Absolutely not. Bugs are fixed and the behaviour changes. Not often, but it happens.

This post probably answers a lot of your reply as well: https://jacko.io/safety_and_soundness.html

replies(1): >>43645935 #
NoTeslaThrow ◴[] No.43645935[source]
EDIT:

> While not as formalized as C/C++, Rust's "spec" exists in the reference, nomicon, RFCs and documentation. I believe that there is a desire for a spec, but enough resources exist that the community can continue without one with no major negative side-effects (unless you want to re-implement the compiler from scratch, I suppose).

Thank you, I was unaware that this is a thing.

> This post probably answers a lot of your reply as well: https://jacko.io/safety_and_soundness.html

This appears to also rely on "undefined behavior" as a meaningful term.

replies(1): >>43646003 #
mmastrac ◴[] No.43646003[source]
> This appears to also rely on "undefined behavior" as a meaningful term.

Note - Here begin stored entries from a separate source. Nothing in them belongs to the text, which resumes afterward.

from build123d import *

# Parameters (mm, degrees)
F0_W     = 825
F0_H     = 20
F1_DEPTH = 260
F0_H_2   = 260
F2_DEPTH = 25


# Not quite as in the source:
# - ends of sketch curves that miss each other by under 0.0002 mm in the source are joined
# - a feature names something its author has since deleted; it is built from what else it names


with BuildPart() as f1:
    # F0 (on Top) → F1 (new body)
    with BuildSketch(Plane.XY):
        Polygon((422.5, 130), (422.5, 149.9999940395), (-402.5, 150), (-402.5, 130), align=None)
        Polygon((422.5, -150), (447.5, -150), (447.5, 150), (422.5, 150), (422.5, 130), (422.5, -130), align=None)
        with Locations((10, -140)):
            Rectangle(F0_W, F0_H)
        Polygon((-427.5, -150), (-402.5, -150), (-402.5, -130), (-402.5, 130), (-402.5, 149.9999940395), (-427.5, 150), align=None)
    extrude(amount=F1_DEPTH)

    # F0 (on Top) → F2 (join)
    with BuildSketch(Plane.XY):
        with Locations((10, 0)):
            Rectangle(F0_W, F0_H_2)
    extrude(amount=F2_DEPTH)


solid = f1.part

I assure you it is a meaningful term:

https://llvm.org/docs/UndefinedBehavior.html

replies(1): >>43646034 #
NoTeslaThrow ◴[] No.43646034[source]
Ok, but in the context of the language at hand? Presumably the IR has distinct semantics from the language that generates the IR. Does UB just strictly resolve to LLVM UB? That's very reasonable!
replies(2): >>43646173 #>>43646377 #
fc417fc802 ◴[] No.43646173[source]
No. UB is a term of art here.

Consider a hypothetical non-LLVM full reimplementation of the compiler. If it optimizes and there are invalid assumptions then there is likely UB. LLVM isn't involved in that case though.

replies(1): >>43646570 #
1. NoTeslaThrow ◴[] No.43646570{3}[source]
> If it optimizes and there are invalid assumptions then there is likely UB.

It's the distinguishing from bugs that concerns me.

replies(3): >>43646620 #>>43646899 #>>43649091 #
2. fc417fc802 ◴[] No.43646620[source]
I don't follow. Isn't UB a subset of bugs or alternatively a follow on consequence that causes observable behavior to further deviate?
replies(1): >>43647058 #
3. vlovich123 ◴[] No.43646899[source]
It is a bug - you’ve violated the contract between the language and the compiler.

Just like segfault or logic bug, it’s a class of bugs. Why is special though is that in most bugs you just hit an invalid state. In UB you can end up executing code that never existed or not executing code that does exist. Or any number of other things can happen because the compiler applies an optimization assuming a runtime state you promised it would never occur but did.

It’s slightly different from being a strict subset because UB is actually exploited to perform optimizations - UB is not allowed so the compiler is able to emit more efficient code is taught to exploit that and the language allows for it (eg the niche optimization the blog describes)

4. NoTeslaThrow ◴[] No.43647058[source]
> Isn't UB a subset of bugs

No, not at all. UB can still produce correct and expected results for the entire input domain.

replies(3): >>43647136 #>>43648979 #>>43649194 #
5. fc417fc802 ◴[] No.43647136{3}[source]
If I have a bug that only triggers between 9 and 10 am EST on Mondays that is still a bug, no? Now extend that to "rand(1.0) < 0.01". Now extend that to a check using __TIME__ that goes off at compile time instead of runtime (some binaries are buggy, some aren't). Now extend that to UB.
6. ◴[] No.43648979{3}[source]
7. lmm ◴[] No.43649091[source]
Anything a compiler does with code which is UB is not a bug in the compiler. That's pretty much the definition of UB.
8. pharrington ◴[] No.43649194{3}[source]
"can" is extremely different than "will"!